# need info on a future mod



## campingnut18 (Mar 11, 2004)

we just got the 2004 23rs. and the awning keeps getting so dirty.
i want one of those metal covers that the class A'S have.

does anyone know where i can buy just the metal cover part.

looks like it would help keep out the dirt when awning is rolled up.

thanks, lamar


----------



## Webmosher (Jun 28, 2004)

Our dealer specifically stated that the Outback "style" of awning prevents the use of a cover. If you find one, I'd also be interested in this.

Fred


----------



## denali_3 (Mar 18, 2004)

http://www.marketlaunchers.com/mabie.html

I don't know how to install it without using a ladder. Anyway, someone may be able to come up with a better idea. Good Luck !


----------



## campingnut18 (Mar 11, 2004)

thanks denali-3,
that looks like a good idea.
do you know what the cost would be for about 18'?
can you drive with it on?
any info would help.
im waiting on info back by email.

thanks, lamar


----------



## denali_3 (Mar 18, 2004)

Campingnut,
I haven't had the chance to dig any further. I did a Yahoo search and this is the closest thing I could find. I guess someone could maybe make something out of canvas or something else. And either sew or velcro a 4 foot long or so by whatever width , whether it's 18 feet or wider, a foot and a half or so from the edge. So that when the awning is rolled up, the canvas or whatever is used, rolls up on the outside. However, the edges of the awning would still be exposed to the elements. I don't know, any ideas? This could lead to an invention for someone and make them a few bucks. Let us know what info you receive.


----------



## denali_3 (Mar 18, 2004)

Here's another idea, you can take it off before leaving and put it back on when you get home. Awning cover


----------



## hurricaneplumber (Apr 12, 2004)

The awning idea is a good one, however I wouldn't travel with either of these styles still attached, they may either fly off or flop around in the wind and possibly cause damage. In storage it makes sense to cover it to prolong the material, but you would want to make sure it is completely dry or there may be a nice moldy mess when you remove it. In the winter my awning is coming off and going in the garage for storage.

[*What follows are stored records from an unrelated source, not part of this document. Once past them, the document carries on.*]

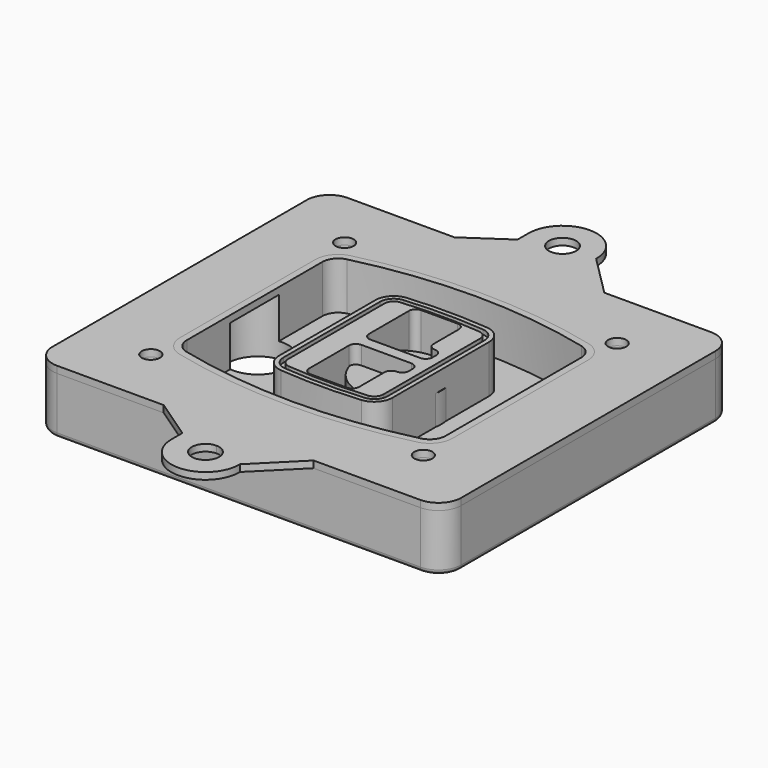
from build123d import *

# Parameters (mm, degrees)
F0_R      = 4
F1_DEPTH  = 25
F2_DEPTH  = 3
F3_DEPTH  = 18
F5_DEPTH  = 21
F6_DEPTH  = 2
F8_DEPTH  = 20
F9_DEPTH  = 16
F10_DEPTH = 25
F7_R      = 6
F7_R_2    = 4
F11_DEPTH = 6
F13_DEPTH = 9
F15_R     = 2
F16_R     = 4
F17_DEPTH = 3


# Not quite as in the source:
# - a feature of the source that left no trace in its solid (it failed there, or was rolled back) is left out
# - a feature names something its author has since deleted; it is built from what else it names


with BuildPart() as f1:
    # F0 (on Top) → F1 (new body)
    with BuildSketch(Plane.XY):
        with BuildLine():
            ThreePointArc((-90, -70), (-87.0710678119, -77.0710678119), (-80, -80))
            Line((-80, -80), (80, -80))
            ThreePointArc((80, -80), (87.0710678119, -77.0710678119), (90, -70))
            Line((90, -70), (90, 70))
            ThreePointArc((90, 70), (87.0710678119, 77.0710678119), (80, 80))
            Line((80, 80), (-80, 80))
            ThreePointArc((-80, 80), (-87.0710678119, 77.0710678119), (-90, 70))
            Line((-90, 70), (-90, -70))
        make_face()
        with Locations((-60, -53.3333333333)):
            Circle(F0_R, mode=Mode.SUBTRACT)
        with Locations((60, -53.3333333333)):
            Circle(F0_R, mode=Mode.SUBTRACT)
        with BuildLine():
            ThreePointArc((-64, 37.2990447398), (-61.0143011354, 45.9411029726), (-53.3306899286, 50.8970778549))
            ThreePointArc((-53.3306899286, 50.8970778549), (0, 57.3333333333), (53.3306899286, 50.8970778549))
            ThreePointArc((53.3306899286, 50.8970778549), (61.0143011354, 45.9411029726), (64, 37.2990447398))
            Line((64, 37.2990447398), (64, -37.2990447398))
            ThreePointArc((64, -37.2990447398), (61.0143011354, -45.9411029726), (53.3306899286, -50.8970778549))
            ThreePointArc((53.3306899286, -50.8970778549), (0, -57.3333333333), (-53.3306899286, -50.8970778549))
            ThreePointArc((-53.3306899286, -50.8970778549), (-61.0143011354, -45.9411029726), (-64, -37.2990447398))
            Line((-64, -37.2990447398), (-64, 37.2990447398))
        make_face(mode=Mode.SUBTRACT)
        with Locations((-60, 53.3333333333)):
            Circle(F0_R, mode=Mode.SUBTRACT)
        with Locations((60, 53.3333333333)):
            Circle(F0_R, mode=Mode.SUBTRACT)
        with BuildLine():
            ThreePointArc((53.3306899286, 50.8970778549), (0, 57.3333333333), (-53.3306899286, 50.8970778549))
            ThreePointArc((-53.3306899286, 50.8970778549), (-61.0143011354, 45.9411029726), (-64, 37.2990447398))
            Line((-64, 37.2990447398), (-64, -37.2990447398))
            ThreePointArc((-64, -37.2990447398), (-61.0143011354, -45.9411029726), (-53.3306899286, -50.8970778549))
            ThreePointArc((-53.3306899286, -50.8970778549), (0, -57.3333333333), (53.3306899286, -50.8970778549))
            ThreePointArc((53.3306899286, -50.8970778549), (61.0143011354, -45.9411029726), (64, -37.2990447398))
            Line((64, -37.2990447398), (64, 37.2990447398))
            ThreePointArc((64, 37.2990447398), (61.0143011354, 45.9411029726), (53.3306899286, 50.8970778549))
        make_face()
        with BuildLine():
            Line((-60, -37.2990447398), (-60, 37.2990447398))
            ThreePointArc((-60, 37.2990447398), (-57.8673579538, 43.4719434775), (-52.3790642347, 47.0119255363))
            ThreePointArc((-52.3790642347, 47.0119255363), (0, 53.3333333333), (52.3790642347, 47.0119255363))
            ThreePointArc((52.3790642347, 47.0119255363), (57.8673579538, 43.4719434775), (60, 37.2990447398))
            Line((60, 37.2990447398), (60, -37.2990447398))
            ThreePointArc((60, -37.2990447398), (57.8673579538, -43.4719434775), (52.3790642347, -47.0119255363))
            ThreePointArc((52.3790642347, -47.0119255363), (0, -53.3333333333), (-52.3790642347, -47.0119255363))
            ThreePointArc((-52.3790642347, -47.0119255363), (-57.8673579538, -43.4719434775), (-60, -37.2990447398))
        make_face(mode=Mode.SUBTRACT)
        with BuildLine():
            ThreePointArc((-52.3790642347, 47.0119255363), (-57.8673579538, 43.4719434775), (-60, 37.2990447398))
            Line((-60, 37.2990447398), (-60, -37.2990447398))
            ThreePointArc((-60, -37.2990447398), (-57.8673579538, -43.4719434775), (-52.3790642347, -47.0119255363))
            ThreePointArc((-52.3790642347, -47.0119255363), (0, -53.3333333333), (52.3790642347, -47.0119255363))
            ThreePointArc((52.3790642347, -47.0119255363), (57.8673579538, -43.4719434775), (60, -37.2990447398))
            Line((60, -37.2990447398), (60, 37.2990447398))
            ThreePointArc((60, 37.2990447398), (57.8673579538, 43.4719434775), (52.3790642347, 47.0119255363))
            ThreePointArc((52.3790642347, 47.0119255363), (0, 53.3333333333), (-52.3790642347, 47.0119255363))
        make_face()
        with BuildLine():
            ThreePointArc((51.6653449643, 44.0980612973), (55.5071505677, 41.6200738562), (57, 37.2990447398))
            Line((57, 37.2990447398), (57, -37.2990447398))
            ThreePointArc((57, -37.2990447398), (55.5071505677, -41.6200738562), (51.6653449643, -44.0980612973))
            ThreePointArc((51.6653449643, -44.0980612973), (0, -50.3333333333), (-51.6653449643, -44.0980612973))
            ThreePointArc((-51.6653449643, -44.0980612973), (-55.5071505677, -41.6200738562), (-57, -37.2990447398))
            Line((-57, -37.2990447398), (-57, 37.2990447398))
            ThreePointArc((-57, 37.2990447398), (-55.5071505677, 41.6200738562), (-51.6653449643, 44.0980612973))
            ThreePointArc((-51.6653449643, 44.0980612973), (0, 50.3333333333), (51.6653449643, 44.0980612973))
        make_face(mode=Mode.SUBTRACT)
        with BuildLine():
            Line((57, -37.2990447398), (57, 37.2990447398))
            ThreePointArc((57, 37.2990447398), (55.5071505677, 41.6200738562), (51.6653449643, 44.0980612973))
            ThreePointArc((51.6653449643, 44.0980612973), (0, 50.3333333333), (-51.6653449643, 44.0980612973))
            ThreePointArc((-51.6653449643, 44.0980612973), (-55.5071505677, 41.6200738562), (-57, 37.2990447398))
            Line((-57, 37.2990447398), (-57, -37.2990447398))
            ThreePointArc((-57, -37.2990447398), (-55.5071505677, -41.6200738562), (-51.6653449643, -44.0980612973))
            ThreePointArc((-51.6653449643, -44.0980612973), (0, -50.3333333333), (51.6653449643, -44.0980612973))
            ThreePointArc((51.6653449643, -44.0980612973), (55.5071505677, -41.6200738562), (57, -37.2990447398))
        make_face()
    extrude(amount=-F1_DEPTH)

    # F0 (on Top) → F2 (join)
    with BuildSketch(Plane.XY):
        with BuildLine():
            ThreePointArc((-52.3790642347, 47.0119255363), (-57.8673579538, 43.4719434775), (-60, 37.2990447398))
            Line((-60, 37.2990447398), (-60, -37.2990447398))
            ThreePointArc((-60, -37.2990447398), (-57.8673579538, -43.4719434775), (-52.3790642347, -47.0119255363))
            ThreePointArc((-52.3790642347, -47.0119255363), (0, -53.3333333333), (52.3790642347, -47.0119255363))
            ThreePointArc((52.3790642347, -47.0119255363), (57.8673579538, -43.4719434775), (60, -37.2990447398))
            Line((60, -37.2990447398), (60, 37.2990447398))
            ThreePointArc((60, 37.2990447398), (57.8673579538, 43.4719434775), (52.3790642347, 47.0119255363))
            ThreePointArc((52.3790642347, 47.0119255363), (0, 53.3333333333), (-52.3790642347, 47.0119255363))
        make_face()
        with BuildLine():
            ThreePointArc((51.6653449643, 44.0980612973), (55.5071505677, 41.6200738562), (57, 37.2990447398))
            Line((57, 37.2990447398), (57, -37.2990447398))
            ThreePointArc((57, -37.2990447398), (55.5071505677, -41.6200738562), (51.6653449643, -44.0980612973))
            ThreePointArc((51.6653449643, -44.0980612973), (0, -50.3333333333), (-51.6653449643, -44.0980612973))
            ThreePointArc((-51.6653449643, -44.0980612973), (-55.5071505677, -41.6200738562), (-57, -37.2990447398))
            Line((-57, -37.2990447398), (-57, 37.2990447398))
            ThreePointArc((-57, 37.2990447398), (-55.5071505677, 41.6200738562), (-51.6653449643, 44.0980612973))
            ThreePointArc((-51.6653449643, 44.0980612973), (0, 50.3333333333), (51.6653449643, 44.0980612973))
        make_face(mode=Mode.SUBTRACT)
    extrude(amount=F2_DEPTH)

    # F0 (on Top) → F3 (cut)
    with BuildSketch(Plane.XY):
        with BuildLine():
            Line((57, -37.2990447398), (57, 37.2990447398))
            ThreePointArc((57, 37.2990447398), (55.5071505677, 41.6200738562), (51.6653449643, 44.0980612973))
            ThreePointArc((51.6653449643, 44.0980612973), (0, 50.3333333333), (-51.6653449643, 44.0980612973))
            ThreePointArc((-51.6653449643, 44.0980612973), (-55.5071505677, 41.6200738562), (-57, 37.2990447398))
            Line((-57, 37.2990447398), (-57, -37.2990447398))
            ThreePointArc((-57, -37.2990447398), (-55.5071505677, -41.6200738562), (-51.6653449643, -44.0980612973))
            ThreePointArc((-51.6653449643, -44.0980612973), (0, -50.3333333333), (51.6653449643, -44.0980612973))
            ThreePointArc((51.6653449643, -44.0980612973), (55.5071505677, -41.6200738562), (57, -37.2990447398))
        make_face()
    extrude(amount=-F3_DEPTH, mode=Mode.SUBTRACT)

    # F4 (on face) → F5 (join, through all)
    with BuildSketch(Plane.XY.offset(3)):
        with BuildLine():
            ThreePointArc((-25, -26.587695628), (-22.8992979869, -31.9912392117), (-17.7004291845, -34.5569740744))
            ThreePointArc((-17.7004291845, -34.5569740744), (0, -35.3333333333), (17.7004291845, -34.5569740744))
            ThreePointArc((17.7004291845, -34.5569740744), (22.8992979869, -31.9912392117), (25, -26.587695628))
            Line((25, -26.587695628), (25, 26.587695628))
            ThreePointArc((25, 26.587695628), (22.8992979869, 31.9912392117), (17.7004291845, 34.5569740744))
            ThreePointArc((17.7004291845, 34.5569740744), (0, 35.3333333333), (-17.7004291845, 34.5569740744))
            ThreePointArc((-17.7004291845, 34.5569740744), (-22.8992979869, 31.9912392117), (-25, 26.587695628))
            Line((-25, 26.587695628), (-25, -26.587695628))
        make_face()
        with BuildLine():
            ThreePointArc((17.5253218884, 32.5646544628), (21.4244734902, 30.6403533158), (23, 26.587695628))
            Line((23, 26.587695628), (23, -26.587695628))
            ThreePointArc((23, -26.587695628), (21.4244734902, -30.6403533158), (17.5253218884, -32.5646544628))
            ThreePointArc((17.5253218884, -32.5646544628), (0, -33.3333333333), (-17.5253218884, -32.5646544628))
            ThreePointArc((-17.5253218884, -32.5646544628), (-21.4244734902, -30.6403533158), (-23, -26.587695628))
            Line((-23, -26.587695628), (-23, 26.587695628))
            ThreePointArc((-23, 26.587695628), (-21.4244734902, 30.6403533158), (-17.5253218884, 32.5646544628))
            ThreePointArc((-17.5253218884, 32.5646544628), (0, 33.3333333333), (17.5253218884, 32.5646544628))
        make_face(mode=Mode.SUBTRACT)
        with BuildLine():
            Line((23, -26.587695628), (23, 26.587695628))
            ThreePointArc((23, 26.587695628), (21.4244734902, 30.6403533158), (17.5253218884, 32.5646544628))
            ThreePointArc((17.5253218884, 32.5646544628), (0, 33.3333333333), (-17.5253218884, 32.5646544628))
            ThreePointArc((-17.5253218884, 32.5646544628), (-21.4244734902, 30.6403533158), (-23, 26.587695628))
            Line((-23, 26.587695628), (-23, -26.587695628))
            ThreePointArc((-23, -26.587695628), (-21.4244734902, -30.6403533158), (-17.5253218884, -32.5646544628))
            ThreePointArc((-17.5253218884, -32.5646544628), (0, -33.3333333333), (17.5253218884, -32.5646544628))
            ThreePointArc((17.5253218884, -32.5646544628), (21.4244734902, -30.6403533158), (23, -26.587695628))
        make_face()
        with BuildLine():
            ThreePointArc((17.3502145923, 30.5723348512), (19.9496489934, 29.2894674198), (21, 26.587695628))
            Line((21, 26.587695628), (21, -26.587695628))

Let me know which one you go with, sounds interesting.

Kevin


----------



## Webmosher (Jun 28, 2004)

The reason I was considering an awning cover is that my Dad's class-A recently lost the awning due to high winds during normal highway driving. He's an experienced RV'er, so its unlikely he lost it due to negligence. His dealer said an awning cover would have prevented the problem, so now he always harps at me to get one too. I'm not sure if there is something comparable for Outbacks though. My idea to prevent his problem was to bungie the supports to ensure they don't uncouple due to some freak of nature. However, he says this would not have prevented his problem.


----------